What you have to do » If a line in the data below contains the word "yjkeng", copy it out.

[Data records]
◆ ◆ ◆ ◆ ◆
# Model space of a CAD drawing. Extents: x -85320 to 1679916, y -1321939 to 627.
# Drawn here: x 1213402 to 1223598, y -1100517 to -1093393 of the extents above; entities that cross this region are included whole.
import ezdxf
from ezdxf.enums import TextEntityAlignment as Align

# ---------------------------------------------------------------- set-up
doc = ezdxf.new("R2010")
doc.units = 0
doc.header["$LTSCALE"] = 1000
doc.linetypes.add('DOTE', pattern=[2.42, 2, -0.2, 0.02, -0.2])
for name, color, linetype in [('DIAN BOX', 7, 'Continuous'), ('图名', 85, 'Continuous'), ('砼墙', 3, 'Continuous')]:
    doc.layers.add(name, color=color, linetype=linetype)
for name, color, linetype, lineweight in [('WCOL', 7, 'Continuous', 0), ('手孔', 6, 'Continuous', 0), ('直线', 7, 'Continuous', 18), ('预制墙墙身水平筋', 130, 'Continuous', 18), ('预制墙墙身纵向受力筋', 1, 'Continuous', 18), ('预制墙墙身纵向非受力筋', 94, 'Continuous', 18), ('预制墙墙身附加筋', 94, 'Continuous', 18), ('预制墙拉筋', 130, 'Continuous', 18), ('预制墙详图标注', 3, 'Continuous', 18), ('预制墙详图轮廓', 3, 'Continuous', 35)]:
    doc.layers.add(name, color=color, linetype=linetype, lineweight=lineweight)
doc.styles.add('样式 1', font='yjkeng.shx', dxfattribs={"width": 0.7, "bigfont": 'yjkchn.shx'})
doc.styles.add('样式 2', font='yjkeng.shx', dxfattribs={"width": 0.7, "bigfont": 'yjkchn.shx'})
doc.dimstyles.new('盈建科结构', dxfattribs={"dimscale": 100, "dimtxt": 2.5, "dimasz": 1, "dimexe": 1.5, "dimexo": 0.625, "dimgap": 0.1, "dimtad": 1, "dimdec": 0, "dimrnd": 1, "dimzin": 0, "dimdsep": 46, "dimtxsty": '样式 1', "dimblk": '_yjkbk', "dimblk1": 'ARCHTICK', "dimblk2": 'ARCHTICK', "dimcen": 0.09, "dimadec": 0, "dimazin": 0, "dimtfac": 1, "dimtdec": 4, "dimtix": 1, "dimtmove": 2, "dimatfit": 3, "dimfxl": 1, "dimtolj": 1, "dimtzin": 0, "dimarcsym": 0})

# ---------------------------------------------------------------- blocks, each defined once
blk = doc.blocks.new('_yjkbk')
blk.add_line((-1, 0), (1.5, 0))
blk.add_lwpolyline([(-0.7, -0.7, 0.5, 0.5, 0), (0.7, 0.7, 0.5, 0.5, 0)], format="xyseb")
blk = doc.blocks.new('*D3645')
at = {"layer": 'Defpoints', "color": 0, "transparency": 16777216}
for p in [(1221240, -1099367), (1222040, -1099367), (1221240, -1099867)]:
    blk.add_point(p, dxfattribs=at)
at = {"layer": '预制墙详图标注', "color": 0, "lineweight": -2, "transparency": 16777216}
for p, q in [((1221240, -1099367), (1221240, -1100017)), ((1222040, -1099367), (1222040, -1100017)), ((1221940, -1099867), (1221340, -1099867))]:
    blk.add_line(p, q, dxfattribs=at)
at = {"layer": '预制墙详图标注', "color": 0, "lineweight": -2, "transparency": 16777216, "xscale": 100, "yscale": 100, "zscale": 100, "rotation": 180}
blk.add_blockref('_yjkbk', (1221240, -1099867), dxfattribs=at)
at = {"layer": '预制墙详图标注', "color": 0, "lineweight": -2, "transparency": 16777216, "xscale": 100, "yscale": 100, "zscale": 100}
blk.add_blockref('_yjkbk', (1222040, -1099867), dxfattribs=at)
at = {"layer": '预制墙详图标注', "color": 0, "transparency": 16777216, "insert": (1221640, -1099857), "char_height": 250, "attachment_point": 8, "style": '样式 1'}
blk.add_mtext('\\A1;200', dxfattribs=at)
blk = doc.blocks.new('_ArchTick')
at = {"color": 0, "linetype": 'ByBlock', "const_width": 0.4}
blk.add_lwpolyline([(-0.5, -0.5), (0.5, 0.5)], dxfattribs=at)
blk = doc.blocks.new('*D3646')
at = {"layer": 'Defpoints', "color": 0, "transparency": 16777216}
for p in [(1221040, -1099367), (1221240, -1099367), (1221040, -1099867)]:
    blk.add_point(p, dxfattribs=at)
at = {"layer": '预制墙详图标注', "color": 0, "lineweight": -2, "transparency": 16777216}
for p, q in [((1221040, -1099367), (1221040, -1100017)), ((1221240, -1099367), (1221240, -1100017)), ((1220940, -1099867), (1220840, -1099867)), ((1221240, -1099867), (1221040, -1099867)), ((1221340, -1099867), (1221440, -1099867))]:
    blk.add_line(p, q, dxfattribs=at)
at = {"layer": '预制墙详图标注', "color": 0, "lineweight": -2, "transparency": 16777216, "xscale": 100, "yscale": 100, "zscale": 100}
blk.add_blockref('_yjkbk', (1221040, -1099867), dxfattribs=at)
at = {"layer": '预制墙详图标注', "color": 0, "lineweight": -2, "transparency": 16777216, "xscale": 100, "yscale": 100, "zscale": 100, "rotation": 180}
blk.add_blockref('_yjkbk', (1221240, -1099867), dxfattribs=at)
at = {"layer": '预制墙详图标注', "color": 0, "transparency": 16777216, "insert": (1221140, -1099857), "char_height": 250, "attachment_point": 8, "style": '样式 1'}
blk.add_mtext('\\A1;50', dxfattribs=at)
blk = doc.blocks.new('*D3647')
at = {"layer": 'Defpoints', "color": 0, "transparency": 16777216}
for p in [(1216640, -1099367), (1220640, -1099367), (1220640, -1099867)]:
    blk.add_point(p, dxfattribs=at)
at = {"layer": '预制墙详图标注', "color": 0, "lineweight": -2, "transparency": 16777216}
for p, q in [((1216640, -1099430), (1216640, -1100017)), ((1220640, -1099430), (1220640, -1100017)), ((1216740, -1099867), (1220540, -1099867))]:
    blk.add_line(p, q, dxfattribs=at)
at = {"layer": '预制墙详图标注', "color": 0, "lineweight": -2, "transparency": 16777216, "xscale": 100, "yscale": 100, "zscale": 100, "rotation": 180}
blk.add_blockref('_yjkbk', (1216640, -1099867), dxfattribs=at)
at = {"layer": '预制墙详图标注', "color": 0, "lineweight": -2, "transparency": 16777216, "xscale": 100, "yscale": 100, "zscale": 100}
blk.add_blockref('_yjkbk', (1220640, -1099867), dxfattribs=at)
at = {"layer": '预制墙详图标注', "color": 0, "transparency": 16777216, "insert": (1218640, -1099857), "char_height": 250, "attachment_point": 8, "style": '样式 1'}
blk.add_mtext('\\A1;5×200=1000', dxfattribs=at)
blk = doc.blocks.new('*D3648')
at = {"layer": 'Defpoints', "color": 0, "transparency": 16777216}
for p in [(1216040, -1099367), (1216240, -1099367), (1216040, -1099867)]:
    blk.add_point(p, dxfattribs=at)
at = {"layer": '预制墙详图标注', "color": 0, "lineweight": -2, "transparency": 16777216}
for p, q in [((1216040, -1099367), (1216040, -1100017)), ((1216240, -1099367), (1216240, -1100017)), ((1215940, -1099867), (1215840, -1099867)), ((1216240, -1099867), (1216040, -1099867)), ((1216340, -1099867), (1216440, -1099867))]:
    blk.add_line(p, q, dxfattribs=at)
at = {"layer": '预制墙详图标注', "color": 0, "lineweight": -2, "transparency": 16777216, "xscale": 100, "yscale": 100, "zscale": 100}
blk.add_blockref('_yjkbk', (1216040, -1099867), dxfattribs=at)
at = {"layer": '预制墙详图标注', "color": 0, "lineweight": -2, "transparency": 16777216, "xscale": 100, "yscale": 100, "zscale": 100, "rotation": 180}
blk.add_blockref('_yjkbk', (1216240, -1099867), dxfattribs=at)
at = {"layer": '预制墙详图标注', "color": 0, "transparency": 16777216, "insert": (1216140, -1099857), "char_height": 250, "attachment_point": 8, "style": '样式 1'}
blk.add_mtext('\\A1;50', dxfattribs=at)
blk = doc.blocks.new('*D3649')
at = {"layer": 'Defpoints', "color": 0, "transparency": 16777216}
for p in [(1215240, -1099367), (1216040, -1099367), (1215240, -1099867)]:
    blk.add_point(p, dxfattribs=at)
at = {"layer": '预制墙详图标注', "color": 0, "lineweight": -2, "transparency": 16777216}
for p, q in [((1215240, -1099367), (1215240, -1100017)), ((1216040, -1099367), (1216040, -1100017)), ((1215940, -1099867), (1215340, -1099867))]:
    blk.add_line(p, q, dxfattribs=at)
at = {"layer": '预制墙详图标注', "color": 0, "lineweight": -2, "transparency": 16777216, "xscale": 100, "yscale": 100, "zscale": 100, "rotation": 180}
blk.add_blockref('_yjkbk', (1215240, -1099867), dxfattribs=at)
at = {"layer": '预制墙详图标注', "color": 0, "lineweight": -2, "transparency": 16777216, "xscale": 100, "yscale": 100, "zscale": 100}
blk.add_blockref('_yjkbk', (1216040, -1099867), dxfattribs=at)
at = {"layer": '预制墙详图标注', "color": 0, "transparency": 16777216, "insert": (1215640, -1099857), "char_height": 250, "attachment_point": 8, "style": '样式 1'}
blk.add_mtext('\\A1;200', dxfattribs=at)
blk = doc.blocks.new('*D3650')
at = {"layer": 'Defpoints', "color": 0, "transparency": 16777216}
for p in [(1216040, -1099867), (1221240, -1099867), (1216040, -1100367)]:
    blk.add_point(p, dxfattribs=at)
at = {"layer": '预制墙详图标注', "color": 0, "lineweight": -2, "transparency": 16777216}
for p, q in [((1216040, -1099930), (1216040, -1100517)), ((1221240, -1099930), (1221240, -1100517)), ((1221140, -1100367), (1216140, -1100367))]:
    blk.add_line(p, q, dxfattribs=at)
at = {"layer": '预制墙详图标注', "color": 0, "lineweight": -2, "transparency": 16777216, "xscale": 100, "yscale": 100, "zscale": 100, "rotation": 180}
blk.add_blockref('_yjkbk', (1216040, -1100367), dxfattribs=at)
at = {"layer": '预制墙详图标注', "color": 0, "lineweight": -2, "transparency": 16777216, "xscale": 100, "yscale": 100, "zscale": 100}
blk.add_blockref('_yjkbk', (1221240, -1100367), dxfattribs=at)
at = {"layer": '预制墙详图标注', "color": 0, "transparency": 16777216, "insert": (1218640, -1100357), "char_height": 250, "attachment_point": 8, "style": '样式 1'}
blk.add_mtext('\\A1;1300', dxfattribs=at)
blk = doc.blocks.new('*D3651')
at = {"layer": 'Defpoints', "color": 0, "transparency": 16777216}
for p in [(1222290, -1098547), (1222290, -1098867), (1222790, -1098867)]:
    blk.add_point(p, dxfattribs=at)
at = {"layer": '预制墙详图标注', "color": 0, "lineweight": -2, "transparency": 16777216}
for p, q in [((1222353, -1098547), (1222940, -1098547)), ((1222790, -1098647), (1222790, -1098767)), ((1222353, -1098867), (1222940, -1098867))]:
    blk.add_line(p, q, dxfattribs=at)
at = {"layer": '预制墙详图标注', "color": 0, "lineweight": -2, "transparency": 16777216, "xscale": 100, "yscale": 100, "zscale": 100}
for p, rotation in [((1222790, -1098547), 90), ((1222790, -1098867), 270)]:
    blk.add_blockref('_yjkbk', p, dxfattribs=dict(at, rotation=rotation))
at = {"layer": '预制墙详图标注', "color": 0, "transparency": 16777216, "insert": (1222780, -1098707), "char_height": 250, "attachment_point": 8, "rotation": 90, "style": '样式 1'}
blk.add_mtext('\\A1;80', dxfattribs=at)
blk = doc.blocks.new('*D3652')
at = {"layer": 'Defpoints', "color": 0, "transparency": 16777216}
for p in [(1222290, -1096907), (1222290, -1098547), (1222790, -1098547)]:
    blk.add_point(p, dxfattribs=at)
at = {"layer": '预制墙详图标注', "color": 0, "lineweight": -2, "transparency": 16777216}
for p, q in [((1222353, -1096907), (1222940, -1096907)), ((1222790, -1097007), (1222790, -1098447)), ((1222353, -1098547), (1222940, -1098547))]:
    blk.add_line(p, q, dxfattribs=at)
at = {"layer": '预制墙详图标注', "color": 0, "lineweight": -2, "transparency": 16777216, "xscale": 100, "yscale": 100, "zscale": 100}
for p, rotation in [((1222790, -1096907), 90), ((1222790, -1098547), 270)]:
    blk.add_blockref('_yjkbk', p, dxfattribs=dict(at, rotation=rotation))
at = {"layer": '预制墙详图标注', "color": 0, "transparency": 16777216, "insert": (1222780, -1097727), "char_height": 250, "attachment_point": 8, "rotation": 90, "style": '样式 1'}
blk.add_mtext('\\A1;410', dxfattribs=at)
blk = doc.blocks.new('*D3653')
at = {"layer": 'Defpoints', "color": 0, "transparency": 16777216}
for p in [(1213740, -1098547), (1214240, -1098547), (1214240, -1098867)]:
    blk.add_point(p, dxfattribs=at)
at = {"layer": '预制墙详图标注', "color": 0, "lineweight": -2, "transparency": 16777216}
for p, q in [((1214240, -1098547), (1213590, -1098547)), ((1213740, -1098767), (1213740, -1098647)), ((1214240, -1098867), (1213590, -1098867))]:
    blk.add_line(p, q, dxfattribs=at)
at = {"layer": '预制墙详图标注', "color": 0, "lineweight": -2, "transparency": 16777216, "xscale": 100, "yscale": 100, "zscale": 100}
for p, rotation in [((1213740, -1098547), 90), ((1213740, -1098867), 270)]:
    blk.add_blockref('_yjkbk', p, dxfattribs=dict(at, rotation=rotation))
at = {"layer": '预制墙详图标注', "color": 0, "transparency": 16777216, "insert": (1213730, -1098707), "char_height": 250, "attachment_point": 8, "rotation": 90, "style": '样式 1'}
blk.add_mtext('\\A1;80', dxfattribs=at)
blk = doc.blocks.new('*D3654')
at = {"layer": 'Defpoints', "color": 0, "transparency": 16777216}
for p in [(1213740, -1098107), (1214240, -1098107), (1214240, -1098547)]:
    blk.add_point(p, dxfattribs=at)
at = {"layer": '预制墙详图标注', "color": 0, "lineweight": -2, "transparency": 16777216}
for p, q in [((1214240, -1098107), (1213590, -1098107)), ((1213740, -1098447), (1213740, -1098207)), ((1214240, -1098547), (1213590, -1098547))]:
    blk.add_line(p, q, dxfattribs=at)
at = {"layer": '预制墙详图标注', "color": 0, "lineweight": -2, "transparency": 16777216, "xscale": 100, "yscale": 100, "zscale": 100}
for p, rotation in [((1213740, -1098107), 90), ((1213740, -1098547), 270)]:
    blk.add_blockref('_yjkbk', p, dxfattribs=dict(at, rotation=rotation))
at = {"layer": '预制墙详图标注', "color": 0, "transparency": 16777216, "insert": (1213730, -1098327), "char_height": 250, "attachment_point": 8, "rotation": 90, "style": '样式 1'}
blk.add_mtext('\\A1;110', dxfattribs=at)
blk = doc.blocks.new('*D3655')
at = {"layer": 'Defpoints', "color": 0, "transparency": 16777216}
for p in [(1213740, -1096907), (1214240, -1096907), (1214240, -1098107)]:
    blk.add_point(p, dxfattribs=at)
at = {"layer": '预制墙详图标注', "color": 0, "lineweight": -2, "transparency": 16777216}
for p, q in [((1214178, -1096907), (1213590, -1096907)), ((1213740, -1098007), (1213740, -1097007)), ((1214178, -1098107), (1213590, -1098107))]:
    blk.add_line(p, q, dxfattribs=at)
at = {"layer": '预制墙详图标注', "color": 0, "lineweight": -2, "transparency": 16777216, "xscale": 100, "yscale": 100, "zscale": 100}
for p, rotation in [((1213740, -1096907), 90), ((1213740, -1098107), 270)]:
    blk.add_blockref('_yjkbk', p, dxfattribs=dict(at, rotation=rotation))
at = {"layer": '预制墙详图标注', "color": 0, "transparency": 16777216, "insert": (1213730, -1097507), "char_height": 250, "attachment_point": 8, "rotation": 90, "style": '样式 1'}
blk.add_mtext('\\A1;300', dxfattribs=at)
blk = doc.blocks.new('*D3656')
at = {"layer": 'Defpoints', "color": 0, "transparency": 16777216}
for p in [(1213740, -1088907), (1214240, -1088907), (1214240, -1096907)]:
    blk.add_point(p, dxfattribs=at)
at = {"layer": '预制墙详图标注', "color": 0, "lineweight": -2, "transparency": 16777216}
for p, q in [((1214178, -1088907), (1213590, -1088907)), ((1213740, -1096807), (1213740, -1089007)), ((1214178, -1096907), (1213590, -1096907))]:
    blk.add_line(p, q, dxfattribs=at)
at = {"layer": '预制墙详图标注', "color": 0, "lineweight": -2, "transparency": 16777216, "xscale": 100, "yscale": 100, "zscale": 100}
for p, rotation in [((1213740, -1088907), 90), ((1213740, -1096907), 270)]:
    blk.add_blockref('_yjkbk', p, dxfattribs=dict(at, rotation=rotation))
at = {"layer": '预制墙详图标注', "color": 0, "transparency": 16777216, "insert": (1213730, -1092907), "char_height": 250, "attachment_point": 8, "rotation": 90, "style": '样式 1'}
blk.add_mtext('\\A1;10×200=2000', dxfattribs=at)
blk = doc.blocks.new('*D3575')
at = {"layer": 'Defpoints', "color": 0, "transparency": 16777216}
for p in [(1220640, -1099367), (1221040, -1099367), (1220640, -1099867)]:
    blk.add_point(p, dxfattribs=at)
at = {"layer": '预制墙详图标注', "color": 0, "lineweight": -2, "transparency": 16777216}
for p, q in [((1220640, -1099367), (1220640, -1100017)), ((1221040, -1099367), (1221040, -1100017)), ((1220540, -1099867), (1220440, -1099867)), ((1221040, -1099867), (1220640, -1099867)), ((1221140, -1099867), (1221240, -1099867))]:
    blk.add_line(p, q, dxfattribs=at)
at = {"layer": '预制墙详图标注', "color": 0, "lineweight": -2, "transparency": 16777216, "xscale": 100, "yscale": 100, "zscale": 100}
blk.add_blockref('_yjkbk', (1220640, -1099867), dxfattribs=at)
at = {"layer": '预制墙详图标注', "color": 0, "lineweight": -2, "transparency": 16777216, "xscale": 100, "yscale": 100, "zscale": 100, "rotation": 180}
◆ ◆ ◆ ◆ ◆
Written answer »
doc.styles.add('样式 1', font='yjkeng.shx', dxfattribs={"width": 0.7, "bigfont": 'yjkchn.shx'})
doc.styles.add('样式 2', font='yjkeng.shx', dxfattribs={"width": 0.7, "bigfont": 'yjkchn.shx'})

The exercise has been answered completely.